Filter the material below so that only lines containing "Governor" remain.

☆ ☆ ☆

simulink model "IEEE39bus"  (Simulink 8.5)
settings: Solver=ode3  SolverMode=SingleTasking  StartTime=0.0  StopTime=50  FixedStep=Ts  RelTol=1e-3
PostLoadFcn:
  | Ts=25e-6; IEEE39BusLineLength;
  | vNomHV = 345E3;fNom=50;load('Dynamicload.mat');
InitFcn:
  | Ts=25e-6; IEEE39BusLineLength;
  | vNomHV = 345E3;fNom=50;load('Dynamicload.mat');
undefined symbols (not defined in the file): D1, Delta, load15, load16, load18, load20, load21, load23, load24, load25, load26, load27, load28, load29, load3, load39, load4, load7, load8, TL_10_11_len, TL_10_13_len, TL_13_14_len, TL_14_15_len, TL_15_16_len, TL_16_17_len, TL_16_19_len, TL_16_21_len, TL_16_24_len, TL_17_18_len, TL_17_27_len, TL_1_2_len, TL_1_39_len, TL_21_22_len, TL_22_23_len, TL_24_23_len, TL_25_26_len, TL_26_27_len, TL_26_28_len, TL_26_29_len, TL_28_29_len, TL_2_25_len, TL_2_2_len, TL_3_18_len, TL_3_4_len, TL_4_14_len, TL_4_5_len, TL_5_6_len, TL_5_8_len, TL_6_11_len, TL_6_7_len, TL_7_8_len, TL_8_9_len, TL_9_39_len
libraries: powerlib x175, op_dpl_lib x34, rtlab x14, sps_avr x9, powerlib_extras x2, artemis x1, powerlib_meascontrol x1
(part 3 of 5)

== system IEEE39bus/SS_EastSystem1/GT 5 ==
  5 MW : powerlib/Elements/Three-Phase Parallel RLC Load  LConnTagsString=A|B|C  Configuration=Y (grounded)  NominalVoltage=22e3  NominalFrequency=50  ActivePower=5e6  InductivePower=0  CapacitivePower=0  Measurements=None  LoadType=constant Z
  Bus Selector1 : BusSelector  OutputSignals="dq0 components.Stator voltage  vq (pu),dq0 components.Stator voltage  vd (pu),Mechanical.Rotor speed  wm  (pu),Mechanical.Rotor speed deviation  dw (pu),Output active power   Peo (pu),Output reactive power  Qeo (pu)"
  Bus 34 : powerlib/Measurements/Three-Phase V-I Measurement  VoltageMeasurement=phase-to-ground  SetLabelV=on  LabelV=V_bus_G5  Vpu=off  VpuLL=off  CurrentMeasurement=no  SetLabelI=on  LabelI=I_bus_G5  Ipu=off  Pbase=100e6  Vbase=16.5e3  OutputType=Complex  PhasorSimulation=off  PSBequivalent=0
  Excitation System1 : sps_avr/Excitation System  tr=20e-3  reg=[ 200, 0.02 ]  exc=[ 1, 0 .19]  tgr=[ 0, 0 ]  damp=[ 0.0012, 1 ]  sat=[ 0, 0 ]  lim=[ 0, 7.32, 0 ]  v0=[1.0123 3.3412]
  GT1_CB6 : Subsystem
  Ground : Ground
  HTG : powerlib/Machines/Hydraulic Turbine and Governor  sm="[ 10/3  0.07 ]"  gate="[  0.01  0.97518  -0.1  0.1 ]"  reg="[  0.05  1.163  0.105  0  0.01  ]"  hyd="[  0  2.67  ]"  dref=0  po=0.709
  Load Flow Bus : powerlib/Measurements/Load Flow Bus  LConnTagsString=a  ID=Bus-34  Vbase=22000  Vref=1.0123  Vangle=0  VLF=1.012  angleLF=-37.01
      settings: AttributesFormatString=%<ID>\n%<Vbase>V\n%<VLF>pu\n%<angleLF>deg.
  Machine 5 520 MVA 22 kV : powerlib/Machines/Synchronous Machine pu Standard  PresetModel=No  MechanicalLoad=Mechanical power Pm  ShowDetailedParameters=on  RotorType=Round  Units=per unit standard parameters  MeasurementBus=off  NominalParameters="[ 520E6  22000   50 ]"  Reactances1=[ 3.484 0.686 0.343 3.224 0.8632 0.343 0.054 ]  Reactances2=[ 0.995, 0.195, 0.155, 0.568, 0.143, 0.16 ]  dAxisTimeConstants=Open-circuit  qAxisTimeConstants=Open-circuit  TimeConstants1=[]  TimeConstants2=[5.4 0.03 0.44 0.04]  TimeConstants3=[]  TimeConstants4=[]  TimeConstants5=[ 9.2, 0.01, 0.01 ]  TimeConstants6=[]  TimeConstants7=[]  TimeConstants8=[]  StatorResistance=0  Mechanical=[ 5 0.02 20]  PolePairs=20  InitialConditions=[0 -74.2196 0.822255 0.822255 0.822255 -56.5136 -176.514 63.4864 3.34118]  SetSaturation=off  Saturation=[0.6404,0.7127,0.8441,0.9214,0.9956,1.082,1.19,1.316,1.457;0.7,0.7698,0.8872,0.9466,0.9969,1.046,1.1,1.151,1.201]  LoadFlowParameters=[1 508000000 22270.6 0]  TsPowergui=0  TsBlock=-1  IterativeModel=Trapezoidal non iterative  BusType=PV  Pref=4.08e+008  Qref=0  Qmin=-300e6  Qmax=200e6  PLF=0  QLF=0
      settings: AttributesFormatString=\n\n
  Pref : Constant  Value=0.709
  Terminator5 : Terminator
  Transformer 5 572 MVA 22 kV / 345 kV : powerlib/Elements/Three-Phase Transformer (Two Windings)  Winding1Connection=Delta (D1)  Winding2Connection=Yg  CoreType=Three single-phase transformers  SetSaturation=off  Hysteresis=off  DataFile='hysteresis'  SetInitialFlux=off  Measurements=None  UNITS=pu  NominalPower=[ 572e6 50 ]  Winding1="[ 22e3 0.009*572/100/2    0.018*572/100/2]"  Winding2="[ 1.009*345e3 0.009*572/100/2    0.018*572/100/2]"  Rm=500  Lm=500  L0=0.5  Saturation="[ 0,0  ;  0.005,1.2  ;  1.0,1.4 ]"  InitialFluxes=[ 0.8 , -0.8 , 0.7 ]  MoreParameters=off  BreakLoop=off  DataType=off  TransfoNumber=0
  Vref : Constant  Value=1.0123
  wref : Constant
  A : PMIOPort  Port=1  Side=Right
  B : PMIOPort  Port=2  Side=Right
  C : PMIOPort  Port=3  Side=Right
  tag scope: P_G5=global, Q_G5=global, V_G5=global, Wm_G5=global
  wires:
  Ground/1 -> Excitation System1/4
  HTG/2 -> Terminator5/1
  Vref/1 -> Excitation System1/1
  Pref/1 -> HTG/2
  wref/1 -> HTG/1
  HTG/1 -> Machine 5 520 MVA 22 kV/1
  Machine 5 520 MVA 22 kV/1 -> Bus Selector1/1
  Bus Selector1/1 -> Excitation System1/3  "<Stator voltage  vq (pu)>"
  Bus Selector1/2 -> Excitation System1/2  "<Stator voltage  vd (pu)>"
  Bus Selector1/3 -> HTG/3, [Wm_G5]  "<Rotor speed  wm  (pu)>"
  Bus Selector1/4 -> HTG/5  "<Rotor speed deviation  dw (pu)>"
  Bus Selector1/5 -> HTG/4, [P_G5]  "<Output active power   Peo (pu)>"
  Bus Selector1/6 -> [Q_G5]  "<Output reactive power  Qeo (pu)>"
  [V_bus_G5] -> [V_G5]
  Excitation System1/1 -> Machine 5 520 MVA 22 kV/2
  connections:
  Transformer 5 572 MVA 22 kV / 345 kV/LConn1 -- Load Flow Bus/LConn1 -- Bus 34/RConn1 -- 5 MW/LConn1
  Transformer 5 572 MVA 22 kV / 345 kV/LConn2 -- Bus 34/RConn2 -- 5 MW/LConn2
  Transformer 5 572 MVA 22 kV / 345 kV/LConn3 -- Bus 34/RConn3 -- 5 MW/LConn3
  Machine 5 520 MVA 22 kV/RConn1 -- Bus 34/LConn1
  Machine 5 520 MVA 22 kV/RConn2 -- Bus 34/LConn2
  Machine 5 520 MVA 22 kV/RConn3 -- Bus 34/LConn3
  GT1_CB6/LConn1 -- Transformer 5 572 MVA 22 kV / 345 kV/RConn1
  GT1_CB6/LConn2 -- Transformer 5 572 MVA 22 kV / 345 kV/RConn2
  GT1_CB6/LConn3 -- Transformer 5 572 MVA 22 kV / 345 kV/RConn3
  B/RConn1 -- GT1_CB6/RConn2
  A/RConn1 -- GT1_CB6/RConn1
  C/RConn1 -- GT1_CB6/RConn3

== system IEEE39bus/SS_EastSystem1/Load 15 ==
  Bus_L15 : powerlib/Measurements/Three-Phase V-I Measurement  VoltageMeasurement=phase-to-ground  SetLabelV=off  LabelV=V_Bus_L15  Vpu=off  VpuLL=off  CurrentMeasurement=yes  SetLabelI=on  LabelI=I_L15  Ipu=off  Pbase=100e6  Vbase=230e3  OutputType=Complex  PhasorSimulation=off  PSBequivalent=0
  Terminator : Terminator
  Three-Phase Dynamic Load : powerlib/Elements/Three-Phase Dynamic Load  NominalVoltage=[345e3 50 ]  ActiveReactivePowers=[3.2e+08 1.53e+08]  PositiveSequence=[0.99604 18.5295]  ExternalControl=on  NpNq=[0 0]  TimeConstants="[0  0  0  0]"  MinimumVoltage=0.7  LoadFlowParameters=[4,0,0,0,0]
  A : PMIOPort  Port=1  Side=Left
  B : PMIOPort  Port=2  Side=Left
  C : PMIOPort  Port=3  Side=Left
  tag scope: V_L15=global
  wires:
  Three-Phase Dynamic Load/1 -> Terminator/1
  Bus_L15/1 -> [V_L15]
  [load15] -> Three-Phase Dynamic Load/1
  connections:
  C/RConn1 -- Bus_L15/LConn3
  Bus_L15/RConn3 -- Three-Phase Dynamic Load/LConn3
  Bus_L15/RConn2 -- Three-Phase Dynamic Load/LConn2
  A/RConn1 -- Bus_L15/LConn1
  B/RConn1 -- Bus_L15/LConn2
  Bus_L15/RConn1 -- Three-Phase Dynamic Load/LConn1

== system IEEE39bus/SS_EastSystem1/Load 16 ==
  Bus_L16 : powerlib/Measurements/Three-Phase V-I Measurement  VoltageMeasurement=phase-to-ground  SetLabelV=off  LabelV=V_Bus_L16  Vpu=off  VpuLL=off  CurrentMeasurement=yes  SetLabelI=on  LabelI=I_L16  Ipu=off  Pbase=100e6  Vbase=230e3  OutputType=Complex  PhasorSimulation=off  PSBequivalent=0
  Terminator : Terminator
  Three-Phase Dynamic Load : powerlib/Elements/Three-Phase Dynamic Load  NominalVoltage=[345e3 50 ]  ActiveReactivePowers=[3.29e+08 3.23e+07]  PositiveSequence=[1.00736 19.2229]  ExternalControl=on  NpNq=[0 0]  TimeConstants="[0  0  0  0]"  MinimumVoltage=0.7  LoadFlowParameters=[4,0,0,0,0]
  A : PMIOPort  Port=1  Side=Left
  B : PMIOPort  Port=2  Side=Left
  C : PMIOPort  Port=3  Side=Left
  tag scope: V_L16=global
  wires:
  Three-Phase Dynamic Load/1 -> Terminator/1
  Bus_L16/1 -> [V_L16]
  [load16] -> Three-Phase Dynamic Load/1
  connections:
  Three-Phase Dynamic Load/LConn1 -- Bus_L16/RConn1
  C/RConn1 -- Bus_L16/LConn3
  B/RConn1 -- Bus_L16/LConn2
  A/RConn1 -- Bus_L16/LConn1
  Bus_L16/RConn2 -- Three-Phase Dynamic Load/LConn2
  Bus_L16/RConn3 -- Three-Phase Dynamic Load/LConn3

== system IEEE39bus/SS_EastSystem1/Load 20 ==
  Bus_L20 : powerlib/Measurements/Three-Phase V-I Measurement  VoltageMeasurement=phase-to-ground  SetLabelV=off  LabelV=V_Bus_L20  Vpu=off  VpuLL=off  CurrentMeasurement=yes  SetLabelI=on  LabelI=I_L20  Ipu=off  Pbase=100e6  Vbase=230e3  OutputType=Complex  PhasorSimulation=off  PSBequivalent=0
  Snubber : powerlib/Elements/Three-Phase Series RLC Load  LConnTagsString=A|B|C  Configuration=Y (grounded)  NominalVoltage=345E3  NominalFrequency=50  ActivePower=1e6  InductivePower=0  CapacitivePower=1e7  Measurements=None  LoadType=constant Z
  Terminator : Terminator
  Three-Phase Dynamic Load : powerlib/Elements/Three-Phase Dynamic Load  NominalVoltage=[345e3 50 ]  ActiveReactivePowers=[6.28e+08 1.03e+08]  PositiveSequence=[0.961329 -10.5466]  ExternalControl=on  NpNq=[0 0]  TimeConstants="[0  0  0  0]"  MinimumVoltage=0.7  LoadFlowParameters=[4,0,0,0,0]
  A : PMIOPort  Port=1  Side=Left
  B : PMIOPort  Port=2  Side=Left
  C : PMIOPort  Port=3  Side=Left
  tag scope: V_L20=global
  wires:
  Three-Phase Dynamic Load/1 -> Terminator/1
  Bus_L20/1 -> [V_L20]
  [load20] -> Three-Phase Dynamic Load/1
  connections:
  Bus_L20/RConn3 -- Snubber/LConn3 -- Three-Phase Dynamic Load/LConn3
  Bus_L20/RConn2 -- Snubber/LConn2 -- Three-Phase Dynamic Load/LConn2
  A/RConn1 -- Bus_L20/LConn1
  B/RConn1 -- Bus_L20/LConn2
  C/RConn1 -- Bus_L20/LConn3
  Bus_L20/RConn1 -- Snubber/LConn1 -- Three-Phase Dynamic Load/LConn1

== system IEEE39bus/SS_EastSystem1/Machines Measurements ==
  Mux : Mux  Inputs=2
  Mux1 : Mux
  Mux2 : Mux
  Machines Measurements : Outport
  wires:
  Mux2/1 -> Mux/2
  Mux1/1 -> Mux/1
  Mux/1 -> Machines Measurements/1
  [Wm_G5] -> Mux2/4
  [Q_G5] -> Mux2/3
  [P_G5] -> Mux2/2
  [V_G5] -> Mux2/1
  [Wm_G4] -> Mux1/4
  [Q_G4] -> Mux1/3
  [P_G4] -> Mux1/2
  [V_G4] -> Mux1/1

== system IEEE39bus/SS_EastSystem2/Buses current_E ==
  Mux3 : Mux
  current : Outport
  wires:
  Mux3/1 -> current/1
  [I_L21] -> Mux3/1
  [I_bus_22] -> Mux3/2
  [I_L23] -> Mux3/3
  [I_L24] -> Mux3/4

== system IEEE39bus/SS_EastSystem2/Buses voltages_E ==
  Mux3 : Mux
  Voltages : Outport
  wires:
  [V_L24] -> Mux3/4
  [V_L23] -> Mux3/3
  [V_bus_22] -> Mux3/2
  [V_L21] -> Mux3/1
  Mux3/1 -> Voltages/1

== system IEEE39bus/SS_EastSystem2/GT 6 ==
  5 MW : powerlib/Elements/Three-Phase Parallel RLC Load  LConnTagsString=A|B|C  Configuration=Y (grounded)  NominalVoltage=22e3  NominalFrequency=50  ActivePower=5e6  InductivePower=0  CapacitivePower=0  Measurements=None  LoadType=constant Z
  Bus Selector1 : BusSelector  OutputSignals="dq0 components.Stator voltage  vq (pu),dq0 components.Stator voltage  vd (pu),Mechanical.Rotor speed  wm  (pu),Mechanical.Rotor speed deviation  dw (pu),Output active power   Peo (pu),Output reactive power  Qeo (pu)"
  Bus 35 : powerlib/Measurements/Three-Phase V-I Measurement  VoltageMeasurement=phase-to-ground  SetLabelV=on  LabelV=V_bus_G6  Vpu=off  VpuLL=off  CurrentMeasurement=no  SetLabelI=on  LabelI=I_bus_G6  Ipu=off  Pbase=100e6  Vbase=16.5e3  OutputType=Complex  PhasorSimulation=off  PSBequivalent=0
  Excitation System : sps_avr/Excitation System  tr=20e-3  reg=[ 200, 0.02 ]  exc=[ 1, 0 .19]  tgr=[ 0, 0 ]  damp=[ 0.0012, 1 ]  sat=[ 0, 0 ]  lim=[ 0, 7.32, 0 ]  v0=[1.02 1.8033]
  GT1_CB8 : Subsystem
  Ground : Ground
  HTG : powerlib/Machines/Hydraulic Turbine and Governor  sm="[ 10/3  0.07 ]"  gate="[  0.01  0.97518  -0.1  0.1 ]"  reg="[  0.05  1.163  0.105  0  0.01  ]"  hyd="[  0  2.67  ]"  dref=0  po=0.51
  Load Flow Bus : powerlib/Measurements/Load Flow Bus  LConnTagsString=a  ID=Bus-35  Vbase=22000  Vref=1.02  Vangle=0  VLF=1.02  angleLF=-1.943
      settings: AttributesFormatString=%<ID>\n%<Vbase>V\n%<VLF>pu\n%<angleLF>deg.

☆ ☆ ☆

Written answer:
  HTG : powerlib/Machines/Hydraulic Turbine and Governor  sm="[ 10/3  0.07 ]"  gate="[  0.01  0.97518  -0.1  0.1 ]"  reg="[  0.05  1.163  0.105  0  0.01  ]"  hyd="[  0  2.67  ]"  dref=0  po=0.709
  HTG : powerlib/Machines/Hydraulic Turbine and Governor  sm="[ 10/3  0.07 ]"  gate="[  0.01  0.97518  -0.1  0.1 ]"  reg="[  0.05  1.163  0.105  0  0.01  ]"  hyd="[  0  2.67  ]"  dref=0  po=0.51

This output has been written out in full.